Winter 2024
This quarter, I will be teaching Math 32A (Calculus of Several Variables) and Math 32BH (Calculus of Several Variables, Honors).
If you are interested in taking 32BH, you should send me an email. You are welcome to attend lectures as a guest before the add/drop deadline, and you should also talk to me before/after class to be added to the course Canvas page.
Math 32A: Calculus of Several Variables
You can find the course syllabus here.
Course Description:
How can we describe the physical world mathematically? What changes, and what stays the same when we move from single variable calculus to multivariable calculus? What does it mean to take a derivative of a multivariable function?

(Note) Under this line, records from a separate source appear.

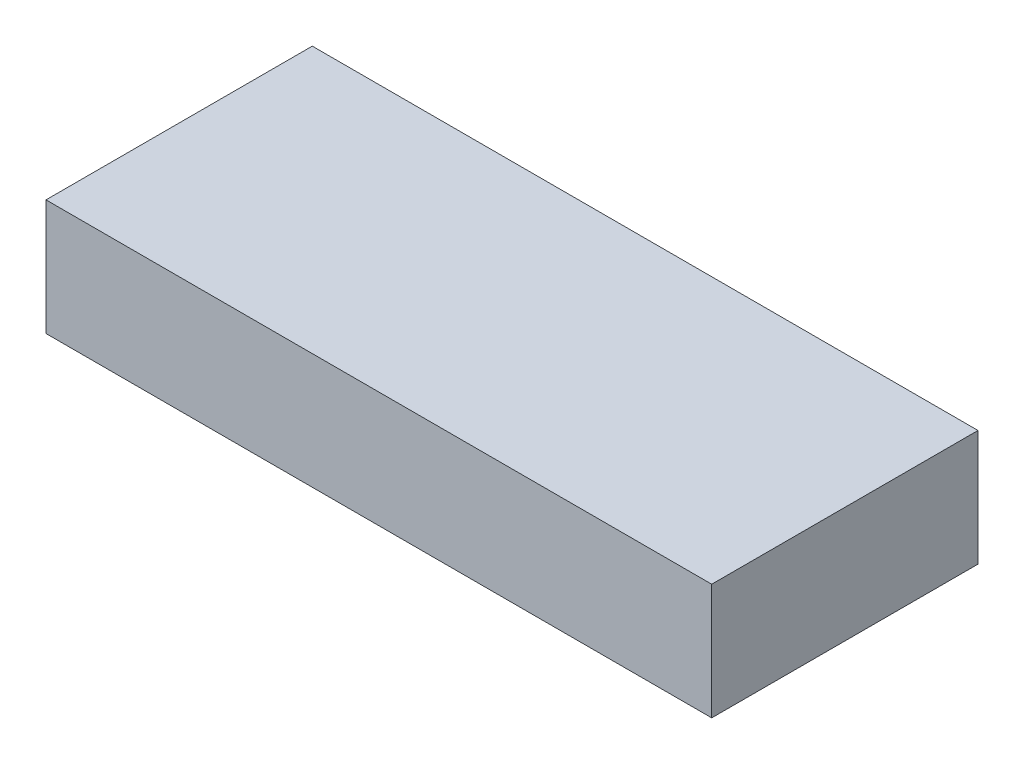
ISO-10303-21;
HEADER;
FILE_DESCRIPTION(('STEP AP214'),'2;1');
FILE_NAME('part.step','',(''),(''),'','','');
FILE_SCHEMA(('AUTOMOTIVE_DESIGN { 1 0 10303 214 1 1 1 1 }'));
ENDSEC;
DATA;
#1=APPLICATION_CONTEXT('core data for automotive mechanical design processes');
#2=APPLICATION_PROTOCOL_DEFINITION('international standard','automotive_design',2000,#1);
#3=PRODUCT_CONTEXT('',#1,'mechanical');
#4=PRODUCT('Part','Part','',(#3));
#5=PRODUCT_RELATED_PRODUCT_CATEGORY('part','',(#4));
#6=PRODUCT_DEFINITION_FORMATION('','',#4);
#7=PRODUCT_DEFINITION_CONTEXT('part definition',#1,'design');
#8=PRODUCT_DEFINITION('design','',#6,#7);
#9=PRODUCT_DEFINITION_SHAPE('','',#8);
#10=(LENGTH_UNIT() NAMED_UNIT(*) SI_UNIT(.MILLI.,.METRE.));
#11=(NAMED_UNIT(*) PLANE_ANGLE_UNIT() SI_UNIT($,.RADIAN.));
#12=(NAMED_UNIT(*) SI_UNIT($,.STERADIAN.) SOLID_ANGLE_UNIT());
#13=UNCERTAINTY_MEASURE_WITH_UNIT(LENGTH_MEASURE(1.E-05),#10,'distance_accuracy_value','');
#14=(GEOMETRIC_REPRESENTATION_CONTEXT(3) GLOBAL_UNCERTAINTY_ASSIGNED_CONTEXT((#13)) GLOBAL_UNIT_ASSIGNED_CONTEXT((#10,
#11,#12)) REPRESENTATION_CONTEXT('',''));
#15=CARTESIAN_POINT('',(0.,0.,0.));
#16=DIRECTION('',(0.,0.,1.));
#17=DIRECTION('',(1.,0.,0.));
#18=AXIS2_PLACEMENT_3D('',#15,#16,#17);
#19=CARTESIAN_POINT('',(57.5,20.,23.));
#20=DIRECTION('',(0.,0.,-1.));
#21=DIRECTION('',(-1.,0.,0.));
#22=AXIS2_PLACEMENT_3D('',#19,#20,#21);
#23=PLANE('',#22);
#24=DIRECTION('',(1.,0.,0.));
#25=VECTOR('',#24,1.);
#26=CARTESIAN_POINT('',(57.5,0.,23.));
#27=LINE('',#26,#25);
#28=CARTESIAN_POINT('',(-57.5,0.,23.));
#29=VERTEX_POINT('',#28);
#30=CARTESIAN_POINT('',(57.5,0.,23.));
#31=VERTEX_POINT('',#30);
#32=EDGE_CURVE('E98',#29,#31,#27,.T.);
#33=ORIENTED_EDGE('',*,*,#32,.T.);
#34=DIRECTION('',(0.,-1.,0.));
#35=VECTOR('',#34,1.);
#36=CARTESIAN_POINT('',(57.5,20.,23.));
#37=LINE('',#36,#35);
#38=CARTESIAN_POINT('',(57.5,20.,23.));
#39=VERTEX_POINT('',#38);
#40=EDGE_CURVE('E11',#39,#31,#37,.T.);
#41=ORIENTED_EDGE('',*,*,#40,.F.);
#42=DIRECTION('',(1.,0.,0.));
#43=VECTOR('',#42,1.);
#44=CARTESIAN_POINT('',(57.5,20.,23.));
#45=LINE('',#44,#43);
#46=CARTESIAN_POINT('',(-57.5,20.,23.));
#47=VERTEX_POINT('',#46);
#48=EDGE_CURVE('E86',#47,#39,#45,.T.);
#49=ORIENTED_EDGE('',*,*,#48,.F.);
#50=DIRECTION('',(0.,-1.,0.));
#51=VECTOR('',#50,1.);
#52=CARTESIAN_POINT('',(-57.5,20.,23.));
#53=LINE('',#52,#51);
#54=EDGE_CURVE('E94',#47,#29,#53,.T.);
#55=ORIENTED_EDGE('',*,*,#54,.T.);
#56=EDGE_LOOP('',(#33,#41,#49,#55));
#57=FACE_BOUND('',#56,.T.);
#58=ADVANCED_FACE('F35',(#57),#23,.F.);
#59=CARTESIAN_POINT('',(57.5,20.,-23.));
#60=DIRECTION('',(-1.,0.,0.));
#61=DIRECTION('',(0.,0.,1.));
#62=AXIS2_PLACEMENT_3D('',#59,#60,#61);
#63=PLANE('',#62);
#64=DIRECTION('',(0.,0.,-1.));
#65=VECTOR('',#64,1.);
#66=CARTESIAN_POINT('',(57.5,0.,-23.));
#67=LINE('',#66,#65);
#68=CARTESIAN_POINT('',(57.5,0.,-23.));
#69=VERTEX_POINT('',#68);
#70=EDGE_CURVE('E90',#31,#69,#67,.T.);
#71=ORIENTED_EDGE('',*,*,#70,.T.);
#72=DIRECTION('',(0.,-1.,0.));
#73=VECTOR('',#72,1.);
#74=CARTESIAN_POINT('',(57.5,20.,-23.));
#75=LINE('',#74,#73);
#76=CARTESIAN_POINT('',(57.5,20.,-23.));
#77=VERTEX_POINT('',#76);
#78=EDGE_CURVE('E43',#77,#69,#75,.T.);
#79=ORIENTED_EDGE('',*,*,#78,.F.);
#80=DIRECTION('',(0.,0.,-1.));
#81=VECTOR('',#80,1.);
#82=CARTESIAN_POINT('',(57.5,20.,-23.));
#83=LINE('',#82,#81);
#84=EDGE_CURVE('E81',#39,#77,#83,.T.);
#85=ORIENTED_EDGE('',*,*,#84,.F.);
#86=ORIENTED_EDGE('',*,*,#40,.T.);
#87=EDGE_LOOP('',(#71,#79,#85,#86));
#88=FACE_BOUND('',#87,.T.);
#89=ADVANCED_FACE('F89',(#88),#63,.F.);
#90=CARTESIAN_POINT('',(-57.5,20.,-23.));
#91=DIRECTION('',(0.,0.,1.));
#92=DIRECTION('',(1.,0.,0.));
#93=AXIS2_PLACEMENT_3D('',#90,#91,#92);
#94=PLANE('',#93);
#95=DIRECTION('',(-1.,0.,0.));
#96=VECTOR('',#95,1.);
#97=CARTESIAN_POINT('',(-57.5,0.,-23.));
#98=LINE('',#97,#96);
#99=CARTESIAN_POINT('',(-57.5,0.,-23.));
#100=VERTEX_POINT('',#99);
#101=EDGE_CURVE('E68',#69,#100,#98,.T.);
#102=ORIENTED_EDGE('',*,*,#101,.T.);
#103=DIRECTION('',(0.,-1.,0.));
#104=VECTOR('',#103,1.);
#105=CARTESIAN_POINT('',(-57.5,20.,-23.));
#106=LINE('',#105,#104);
#107=CARTESIAN_POINT('',(-57.5,20.,-23.));
#108=VERTEX_POINT('',#107);
#109=EDGE_CURVE('E91',#108,#100,#106,.T.);
#110=ORIENTED_EDGE('',*,*,#109,.F.);
#111=DIRECTION('',(-1.,0.,0.));
#112=VECTOR('',#111,1.);
#113=CARTESIAN_POINT('',(-57.5,20.,-23.));
#114=LINE('',#113,#112);
#115=EDGE_CURVE('E84',#77,#108,#114,.T.);
#116=ORIENTED_EDGE('',*,*,#115,.F.);
#117=ORIENTED_EDGE('',*,*,#78,.T.);
#118=EDGE_LOOP('',(#102,#110,#116,#117));
#119=FACE_BOUND('',#118,.T.);
#120=ADVANCED_FACE('F92',(#119),#94,.F.);
#121=CARTESIAN_POINT('',(-57.5,20.,23.));
#122=DIRECTION('',(1.,0.,0.));
#123=DIRECTION('',(0.,0.,-1.));
#124=AXIS2_PLACEMENT_3D('',#121,#122,#123);
#125=PLANE('',#124);
#126=DIRECTION('',(0.,0.,1.));
#127=VECTOR('',#126,1.);
#128=CARTESIAN_POINT('',(-57.5,0.,23.));
#129=LINE('',#128,#127);
#130=EDGE_CURVE('E74',#100,#29,#129,.T.);
#131=ORIENTED_EDGE('',*,*,#130,.T.);
#132=ORIENTED_EDGE('',*,*,#54,.F.);
#133=DIRECTION('',(0.,0.,1.));
#134=VECTOR('',#133,1.);
#135=CARTESIAN_POINT('',(-57.5,20.,23.));
#136=LINE('',#135,#134);
#137=EDGE_CURVE('E51',#108,#47,#136,.T.);
#138=ORIENTED_EDGE('',*,*,#137,.F.);
#139=ORIENTED_EDGE('',*,*,#109,.T.);
#140=EDGE_LOOP('',(#131,#132,#138,#139));
#141=FACE_BOUND('',#140,.T.);
#142=ADVANCED_FACE('F105',(#141),#125,.F.);
#143=CARTESIAN_POINT('',(0.,20.,0.));
#144=DIRECTION('',(0.,-1.,0.));
#145=DIRECTION('',(0.,0.,-1.));
#146=AXIS2_PLACEMENT_3D('',#143,#144,#145);
#147=PLANE('',#146);
#148=ORIENTED_EDGE('',*,*,#48,.T.);
#149=ORIENTED_EDGE('',*,*,#84,.T.);
#150=ORIENTED_EDGE('',*,*,#115,.T.);
#151=ORIENTED_EDGE('',*,*,#137,.T.);
#152=EDGE_LOOP('',(#148,#149,#150,#151));
#153=FACE_BOUND('',#152,.T.);
#154=ADVANCED_FACE('F82',(#153),#147,.F.);
#155=CARTESIAN_POINT('',(0.,0.,0.));
#156=DIRECTION('',(0.,-1.,0.));
#157=DIRECTION('',(0.,0.,-1.));
#158=AXIS2_PLACEMENT_3D('',#155,#156,#157);
#159=PLANE('',#158);
#160=ORIENTED_EDGE('',*,*,#32,.F.);
#161=ORIENTED_EDGE('',*,*,#130,.F.);
#162=ORIENTED_EDGE('',*,*,#101,.F.);
#163=ORIENTED_EDGE('',*,*,#70,.F.);
#164=EDGE_LOOP('',(#160,#161,#162,#163));
#165=FACE_BOUND('',#164,.T.);
#166=ADVANCED_FACE('F108',(#165),#159,.T.);
#167=CLOSED_SHELL('',(#58,#89,#120,#142,#154,#166));
#168=MANIFOLD_SOLID_BREP('B2',#167);
#169=ADVANCED_BREP_SHAPE_REPRESENTATION('',(#18,#168),#14);
#170=SHAPE_DEFINITION_REPRESENTATION(#9,#169);
ENDSEC;
END-ISO-10303-21;

Multivariable calculus is the mathematical language that allows us to describe the geometry of the physical world around us, such as the motion of planets in orbit, the behavior of electromagnetic forces, or the path of steepest ascent through the hills of Los Angeles.
In this course, you will develop the reasoning and questioning skills needed to explore these geometric concepts and apply them to real-life situations. Moreover, you will become fluent in communicating your ideas through the mathematical language of multivariable calculus.
Math 32BH: Calculus of Several Variables, Honors
You can find the course syllabus here.
You can view the course lecture notes for 32BH here.
How can we describe the physical world mathematically? What changes, and what stays the same when we move from single variable calculus to multivariable calculus? What does it mean to take a integral of a multivariable function? What kinds of functions can we integrate? How far can we generalize the notion of integration?
Multivariable calculus is the mathematical language that allows us to describe the geometry of the physical world around us, such as the areas, volumes, or mass of objects; the behaviors of electromagnetic fields or fluids in space; or calculating the amount of wind blowing through the hills of Los Angeles. In this course, you will develop the reasoning and questioning skills needed to explore these geometric concepts and apply them to real-life situations. Moreover, you will become fluent in communicating your ideas through the mathematical language of multivariable calculus.
The course 32BH differs from 32B in that it covers the topics of multivariable calculus with more mathematical rigor. In particular, we will focus more on learning how to grapple with and understand complex mathematical concepts, as well as how to explore and generalize theorems of integration. Moreover, this course builds the foundation for more advanced topics, such as real analysis, complex analysis, and differential geometry.
This course is recommended for students interested in learning about advanced mathematics.